Source records

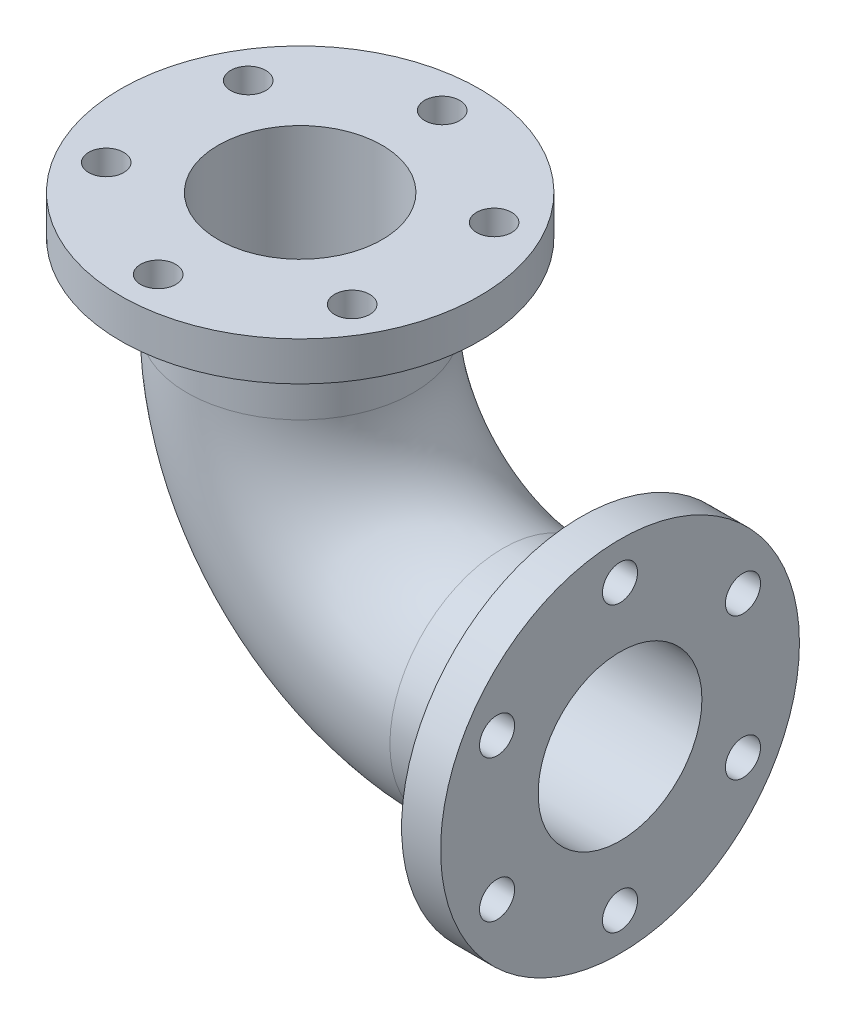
ISO-10303-21;
HEADER;
FILE_DESCRIPTION(('STEP AP214'),'2;1');
FILE_NAME('part.step','',(''),(''),'','','');
FILE_SCHEMA(('AUTOMOTIVE_DESIGN { 1 0 10303 214 1 1 1 1 }'));
ENDSEC;
DATA;
#1=APPLICATION_CONTEXT('core data for automotive mechanical design processes');
#2=APPLICATION_PROTOCOL_DEFINITION('international standard','automotive_design',2000,#1);
#3=PRODUCT_CONTEXT('',#1,'mechanical');
#4=PRODUCT('Part','Part','',(#3));
#5=PRODUCT_RELATED_PRODUCT_CATEGORY('part','',(#4));
#6=PRODUCT_DEFINITION_FORMATION('','',#4);
#7=PRODUCT_DEFINITION_CONTEXT('part definition',#1,'design');
#8=PRODUCT_DEFINITION('design','',#6,#7);
#9=PRODUCT_DEFINITION_SHAPE('','',#8);
#10=(LENGTH_UNIT() NAMED_UNIT(*) SI_UNIT(.MILLI.,.METRE.));
#11=(NAMED_UNIT(*) PLANE_ANGLE_UNIT() SI_UNIT($,.RADIAN.));
#12=(NAMED_UNIT(*) SI_UNIT($,.STERADIAN.) SOLID_ANGLE_UNIT());
#13=UNCERTAINTY_MEASURE_WITH_UNIT(LENGTH_MEASURE(1.E-05),#10,'distance_accuracy_value','');
#14=(GEOMETRIC_REPRESENTATION_CONTEXT(3) GLOBAL_UNCERTAINTY_ASSIGNED_CONTEXT((#13)) GLOBAL_UNIT_ASSIGNED_CONTEXT((#10,
#11,#12)) REPRESENTATION_CONTEXT('',''));
#15=CARTESIAN_POINT('',(0.,0.,0.));
#16=DIRECTION('',(0.,0.,1.));
#17=DIRECTION('',(1.,0.,0.));
#18=AXIS2_PLACEMENT_3D('',#15,#16,#17);
#19=CARTESIAN_POINT('',(0.,0.,0.));
#20=DIRECTION('',(0.,-1.,0.));
#21=DIRECTION('',(0.,0.,-1.));
#22=AXIS2_PLACEMENT_3D('',#19,#20,#21);
#23=CYLINDRICAL_SURFACE('',#22,145.);
#24=CARTESIAN_POINT('',(0.,-100.,0.));
#25=DIRECTION('',(0.,1.,0.));
#26=DIRECTION('',(0.,0.,1.));
#27=AXIS2_PLACEMENT_3D('',#24,#25,#26);
#28=CIRCLE('',#27,145.);
#29=CARTESIAN_POINT('',(-145.,-100.,0.));
#30=VERTEX_POINT('',#29);
#31=EDGE_CURVE('E56',#30,#30,#28,.T.);
#32=ORIENTED_EDGE('',*,*,#31,.T.);
#33=EDGE_LOOP('',(#32));
#34=FACE_BOUND('',#33,.T.);
#35=CARTESIAN_POINT('',(0.,0.,0.));
#36=DIRECTION('',(0.,1.,0.));
#37=DIRECTION('',(0.,0.,1.));
#38=AXIS2_PLACEMENT_3D('',#35,#36,#37);
#39=CIRCLE('',#38,145.);
#40=CARTESIAN_POINT('',(0.,0.,145.));
#41=VERTEX_POINT('',#40);
#42=EDGE_CURVE('E60',#41,#41,#39,.T.);
#43=ORIENTED_EDGE('',*,*,#42,.F.);
#44=EDGE_LOOP('',(#43));
#45=FACE_BOUND('',#44,.T.);
#46=ADVANCED_FACE('F48',(#34,#45),#23,.T.);
#47=CARTESIAN_POINT('',(260.,-100.,0.));
#48=DIRECTION('',(0.,0.,1.));
#49=DIRECTION('',(1.,0.,0.));
#50=AXIS2_PLACEMENT_3D('',#47,#48,#49);
#51=TOROIDAL_SURFACE('',#50,260.,145.);
#52=CARTESIAN_POINT('',(260.,-360.,0.));
#53=DIRECTION('',(-1.,0.,0.));
#54=DIRECTION('',(0.,0.,1.));
#55=AXIS2_PLACEMENT_3D('',#52,#53,#54);
#56=CIRCLE('',#55,145.);
#57=CARTESIAN_POINT('',(260.,-505.,0.));
#58=VERTEX_POINT('',#57);
#59=EDGE_CURVE('E11',#58,#58,#56,.T.);
#60=CARTESIAN_POINT('',(260.,-100.,0.));
#61=DIRECTION('',(0.,0.,1.));
#62=DIRECTION('',(1.,0.,0.));
#63=AXIS2_PLACEMENT_3D('',#60,#61,#62);
#64=CIRCLE('',#63,405.);
#65=EDGE_CURVE('',#30,#58,#64,.T.);
#66=ORIENTED_EDGE('',*,*,#31,.F.);
#67=ORIENTED_EDGE('',*,*,#59,.T.);
#68=ORIENTED_EDGE('',*,*,#65,.T.);
#69=ORIENTED_EDGE('',*,*,#65,.F.);
#70=EDGE_LOOP('',(#66,#68,#67,#69));
#71=FACE_BOUND('',#70,.T.);
#72=ADVANCED_FACE('F198',(#71),#51,.T.);
#73=CARTESIAN_POINT('',(260.,-360.,0.));
#74=DIRECTION('',(1.,0.,0.));
#75=DIRECTION('',(0.,1.,0.));
#76=AXIS2_PLACEMENT_3D('',#73,#74,#75);
#77=CYLINDRICAL_SURFACE('',#76,145.);
#78=CARTESIAN_POINT('',(360.,-360.,0.));
#79=DIRECTION('',(-1.,0.,0.));
#80=DIRECTION('',(0.,0.,1.));
#81=AXIS2_PLACEMENT_3D('',#78,#79,#80);
#82=CIRCLE('',#81,145.);
#83=CARTESIAN_POINT('',(360.,-360.,145.));
#84=VERTEX_POINT('',#83);
#85=EDGE_CURVE('E52',#84,#84,#82,.T.);
#86=ORIENTED_EDGE('',*,*,#85,.T.);
#87=EDGE_LOOP('',(#86));
#88=FACE_BOUND('',#87,.T.);
#89=ORIENTED_EDGE('',*,*,#59,.F.);
#90=EDGE_LOOP('',(#89));
#91=FACE_BOUND('',#90,.T.);
#92=ADVANCED_FACE('F50',(#88,#91),#77,.T.);
#93=CARTESIAN_POINT('',(0.,0.,0.));
#94=DIRECTION('',(0.,-1.,0.));
#95=DIRECTION('',(0.,0.,-1.));
#96=AXIS2_PLACEMENT_3D('',#93,#94,#95);
#97=CYLINDRICAL_SURFACE('',#96,105.);
#98=CARTESIAN_POINT('',(0.,-100.,0.));
#99=DIRECTION('',(0.,-1.,0.));
#100=DIRECTION('',(0.,0.,-1.));
#101=AXIS2_PLACEMENT_3D('',#98,#99,#100);
#102=CIRCLE('',#101,105.);
#103=CARTESIAN_POINT('',(-105.,-100.,0.));
#104=VERTEX_POINT('',#103);
#105=EDGE_CURVE('E68',#104,#104,#102,.F.);
#106=ORIENTED_EDGE('',*,*,#105,.F.);
#107=EDGE_LOOP('',(#106));
#108=FACE_BOUND('',#107,.T.);
#109=CARTESIAN_POINT('',(0.,50.,0.));
#110=DIRECTION('',(0.,1.,0.));
#111=DIRECTION('',(-1.,0.,0.));
#112=AXIS2_PLACEMENT_3D('',#109,#110,#111);
#113=CIRCLE('',#112,105.);
#114=CARTESIAN_POINT('',(-105.,50.,0.));
#115=VERTEX_POINT('',#114);
#116=EDGE_CURVE('E75',#115,#115,#113,.T.);
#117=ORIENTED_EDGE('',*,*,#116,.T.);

■ **Task brief**: In the entries above, one line contains "#68=ORIENTED_EDGE('',*,*,#65,.T.);" and another contains "#76=AXIS2_PLACEMENT_3D('',#73,#74,#75);". Reproduce exactly those two lines and the lines between them, nothing else.

■ **Output for this task**:
#68=ORIENTED_EDGE('',*,*,#65,.T.);
#69=ORIENTED_EDGE('',*,*,#65,.F.);
#70=EDGE_LOOP('',(#66,#68,#67,#69));
#71=FACE_BOUND('',#70,.T.);
#72=ADVANCED_FACE('F198',(#71),#51,.T.);
#73=CARTESIAN_POINT('',(260.,-360.,0.));
#74=DIRECTION('',(1.,0.,0.));
#75=DIRECTION('',(0.,1.,0.));
#76=AXIS2_PLACEMENT_3D('',#73,#74,#75);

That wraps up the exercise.